Example: String Array'''
arr = np.array(['apple', 'banana', 'cherry'], dtype='U10')  # Create a NumPy array with Unicode string data type ('U10' for strings up to 10 characters)
print(arr) # Print the string array

['apple' 'banana' 'cherry']


### Pros and Cons of NumPy Data Types

Choosing the appropriate data type in NumPy is crucial for optimizing memory usage, improving performance, and ensuring data integrity. Here's a breakdown of the pros and cons:

**Pros:**

*   **Memory Efficiency:** Using the correct data type can significantly reduce memory usage. For example, using `float32` instead of `float64` for floating-point numbers can halve the memory required. Similarly, using smaller integer types (`int8`, `int16`, `int32`) when appropriate can save memory.
*   **Performance:** Operations on arrays with smaller or simpler data types are generally faster. This is because the processor can perform operations on these data types more efficiently. For example, operations on integer arrays are typically faster than operations on floating-point arrays, and operations on fixed-size data types are faster than operations on `object` arrays.
*   **Data Integrity:** Specifying a data type ensures that the array stores data in a consistent format, preventing unexpected behavior or errors that might arise from mixed data types.

**Cons:**

*   **Data Loss/Precision Issues:** Using a data type with insufficient range or precision can lead to data loss or inaccurate results. For example, trying to store a large integer in an `int8` array will result in an overflow.

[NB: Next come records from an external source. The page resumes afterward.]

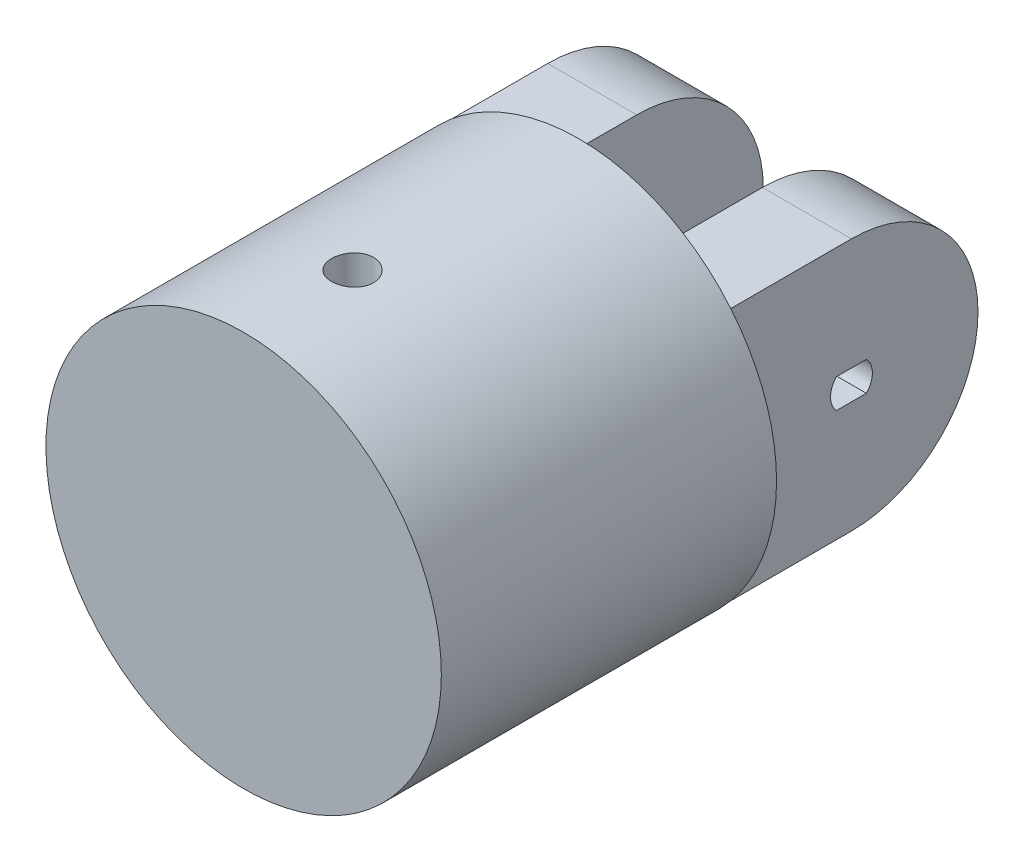
ISO-10303-21;
HEADER;
FILE_DESCRIPTION(('STEP AP214'),'2;1');
FILE_NAME('part.step','',(''),(''),'','','');
FILE_SCHEMA(('AUTOMOTIVE_DESIGN { 1 0 10303 214 1 1 1 1 }'));
ENDSEC;
DATA;
#1=APPLICATION_CONTEXT('core data for automotive mechanical design processes');
#2=APPLICATION_PROTOCOL_DEFINITION('international standard','automotive_design',2000,#1);
#3=PRODUCT_CONTEXT('',#1,'mechanical');
#4=PRODUCT('Part','Part','',(#3));
#5=PRODUCT_RELATED_PRODUCT_CATEGORY('part','',(#4));
#6=PRODUCT_DEFINITION_FORMATION('','',#4);
#7=PRODUCT_DEFINITION_CONTEXT('part definition',#1,'design');
#8=PRODUCT_DEFINITION('design','',#6,#7);
#9=PRODUCT_DEFINITION_SHAPE('','',#8);
#10=(LENGTH_UNIT() NAMED_UNIT(*) SI_UNIT(.MILLI.,.METRE.));
#11=(NAMED_UNIT(*) PLANE_ANGLE_UNIT() SI_UNIT($,.RADIAN.));
#12=(NAMED_UNIT(*) SI_UNIT($,.STERADIAN.) SOLID_ANGLE_UNIT());
#13=UNCERTAINTY_MEASURE_WITH_UNIT(LENGTH_MEASURE(1.E-05),#10,'distance_accuracy_value','');
#14=(GEOMETRIC_REPRESENTATION_CONTEXT(3) GLOBAL_UNCERTAINTY_ASSIGNED_CONTEXT((#13)) GLOBAL_UNIT_ASSIGNED_CONTEXT((#10,
#11,#12)) REPRESENTATION_CONTEXT('',''));
#15=CARTESIAN_POINT('',(0.,0.,0.));
#16=DIRECTION('',(0.,0.,1.));
#17=DIRECTION('',(1.,0.,0.));
#18=AXIS2_PLACEMENT_3D('',#15,#16,#17);
#19=CARTESIAN_POINT('',(7.5,0.,-60.));
#20=DIRECTION('',(1.,0.,0.));
#21=DIRECTION('',(0.,0.,-1.));
#22=AXIS2_PLACEMENT_3D('',#19,#20,#21);
#23=PLANE('',#22);
#24=DIRECTION('',(0.,0.,-1.));
#25=VECTOR('',#24,1.);
#26=CARTESIAN_POINT('',(7.5,-1.75,-60.));
#27=LINE('',#26,#25);
#28=CARTESIAN_POINT('',(7.50000000000001,-1.75,-42.6196428928643));
#29=VERTEX_POINT('',#28);
#30=CARTESIAN_POINT('',(7.5,-1.75,-46.1903571071357));
#31=VERTEX_POINT('',#30);
#32=EDGE_CURVE('E161',#29,#31,#27,.T.);
#33=ORIENTED_EDGE('',*,*,#32,.T.);
#34=CARTESIAN_POINT('',(7.5,0.,-44.405));
#35=DIRECTION('',(1.,0.,0.));
#36=DIRECTION('',(0.,0.,-1.));
#37=AXIS2_PLACEMENT_3D('',#34,#35,#36);
#38=CIRCLE('',#37,2.5);
#39=CARTESIAN_POINT('',(7.50000000000001,1.75,-46.1903571071357));
#40=VERTEX_POINT('',#39);
#41=EDGE_CURVE('E170',#31,#40,#38,.T.);
#42=ORIENTED_EDGE('',*,*,#41,.T.);
#43=DIRECTION('',(0.,0.,1.));
#44=VECTOR('',#43,1.);
#45=CARTESIAN_POINT('',(7.5,1.75,-60.));
#46=LINE('',#45,#44);
#47=CARTESIAN_POINT('',(7.50000000000001,1.75,-42.6196428928643));
#48=VERTEX_POINT('',#47);
#49=EDGE_CURVE('E187',#40,#48,#46,.T.);
#50=ORIENTED_EDGE('',*,*,#49,.T.);
#51=CARTESIAN_POINT('',(7.5,0.,-44.405));
#52=DIRECTION('',(1.,0.,0.));
#53=DIRECTION('',(0.,0.,-1.));
#54=AXIS2_PLACEMENT_3D('',#51,#52,#53);
#55=CIRCLE('',#54,2.5);
#56=EDGE_CURVE('E556',#48,#29,#55,.T.);
#57=ORIENTED_EDGE('',*,*,#56,.T.);
#58=EDGE_LOOP('',(#33,#42,#50,#57));
#59=FACE_BOUND('',#58,.T.);
#60=DIRECTION('',(0.,0.,1.));
#61=VECTOR('',#60,1.);
#62=CARTESIAN_POINT('',(7.5,15.1011299715689,-60.));
#63=LINE('',#62,#61);
#64=CARTESIAN_POINT('',(7.5,15.1011299715689,-44.405));
#65=VERTEX_POINT('',#64);
#66=CARTESIAN_POINT('',(7.5,15.1011299715689,-30.));
#67=VERTEX_POINT('',#66);
#68=EDGE_CURVE('E265',#65,#67,#63,.T.);
#69=ORIENTED_EDGE('',*,*,#68,.F.);
#70=CARTESIAN_POINT('',(7.5,0.,-44.405));
#71=DIRECTION('',(1.,0.,0.));
#72=DIRECTION('',(0.,0.,-1.));
#73=AXIS2_PLACEMENT_3D('',#70,#71,#72);
#74=CIRCLE('',#73,15.1011299715689);
#75=CARTESIAN_POINT('',(7.5,-15.1011299715689,-44.405));
#76=VERTEX_POINT('',#75);
#77=EDGE_CURVE('E208',#65,#76,#74,.F.);
#78=ORIENTED_EDGE('',*,*,#77,.T.);
#79=DIRECTION('',(0.,0.,1.));
#80=VECTOR('',#79,1.);
#81=CARTESIAN_POINT('',(7.5,-15.1011299715689,-60.));
#82=LINE('',#81,#80);
#83=CARTESIAN_POINT('',(7.5,-15.1011299715689,-30.));
#84=VERTEX_POINT('',#83);
#85=EDGE_CURVE('E256',#76,#84,#82,.T.);
#86=ORIENTED_EDGE('',*,*,#85,.T.);
#87=DIRECTION('',(0.,1.,0.));
#88=VECTOR('',#87,1.);
#89=CARTESIAN_POINT('',(7.5,0.,-30.));
#90=LINE('',#89,#88);
#91=EDGE_CURVE('E240',#84,#67,#90,.T.);
#92=ORIENTED_EDGE('',*,*,#91,.T.);
#93=EDGE_LOOP('',(#69,#78,#86,#92));
#94=FACE_BOUND('',#93,.T.);
#95=ADVANCED_FACE('F39',(#59,#94),#23,.F.);
#96=CARTESIAN_POINT('',(18.1230233013641,0.,-60.));
#97=DIRECTION('',(-1.,0.,0.));
#98=DIRECTION('',(0.,0.,1.));
#99=AXIS2_PLACEMENT_3D('',#96,#97,#98);
#100=PLANE('',#99);
#101=DIRECTION('',(0.,0.,-1.));
#102=VECTOR('',#101,1.);
#103=CARTESIAN_POINT('',(18.1230233013641,1.75,-60.));
#104=LINE('',#103,#102);
#105=CARTESIAN_POINT('',(18.1230233013641,1.75,-42.6196428928643));
#106=VERTEX_POINT('',#105);
#107=CARTESIAN_POINT('',(18.1230233013641,1.75,-46.1903571071357));
#108=VERTEX_POINT('',#107);
#109=EDGE_CURVE('E179',#106,#108,#104,.T.);
#110=ORIENTED_EDGE('',*,*,#109,.T.);
#111=CARTESIAN_POINT('',(18.1230233013641,0.,-44.405));
#112=DIRECTION('',(-1.,0.,0.));
#113=DIRECTION('',(0.,0.,1.));
#114=AXIS2_PLACEMENT_3D('',#111,#112,#113);
#115=CIRCLE('',#114,2.5);
#116=CARTESIAN_POINT('',(18.1230233013641,-1.75,-46.1903571071357));
#117=VERTEX_POINT('',#116);
#118=EDGE_CURVE('E167',#108,#117,#115,.T.);
#119=ORIENTED_EDGE('',*,*,#118,.T.);
#120=DIRECTION('',(0.,0.,1.));
#121=VECTOR('',#120,1.);
#122=CARTESIAN_POINT('',(18.1230233013641,-1.75,-60.));
#123=LINE('',#122,#121);
#124=CARTESIAN_POINT('',(18.1230233013641,-1.75,-42.6196428928643));
#125=VERTEX_POINT('',#124);
#126=EDGE_CURVE('E155',#117,#125,#123,.T.);
#127=ORIENTED_EDGE('',*,*,#126,.T.);
#128=CARTESIAN_POINT('',(18.1230233013641,0.,-44.405));
#129=DIRECTION('',(-1.,0.,0.));
#130=DIRECTION('',(0.,0.,1.));
#131=AXIS2_PLACEMENT_3D('',#128,#129,#130);
#132=CIRCLE('',#131,2.5);
#133=EDGE_CURVE('E554',#125,#106,#132,.T.);
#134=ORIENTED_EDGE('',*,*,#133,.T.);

Using `float32` instead of `float64` might not be suitable for calculations requiring high precision.
*   **Complexity with Mixed Data Types:** While NumPy arrays are designed to be homogeneous (contain elements of the same data type), the `object` data type allows for heterogeneous arrays. However, this comes at the cost of performance and memory efficiency, as NumPy cannot optimize operations on `object` arrays as effectively as it can for arrays with fixed-size data types.
*   **Type Casting Overhead:** Converting between data types using `astype()` can introduce some overhead, especially for large arrays. It's generally more efficient to create arrays with the desired data type from the beginning if possible.

In summary, selecting the data type that best suits the nature and range of your data while considering the trade-offs in terms of memory, performance, and precision is essential.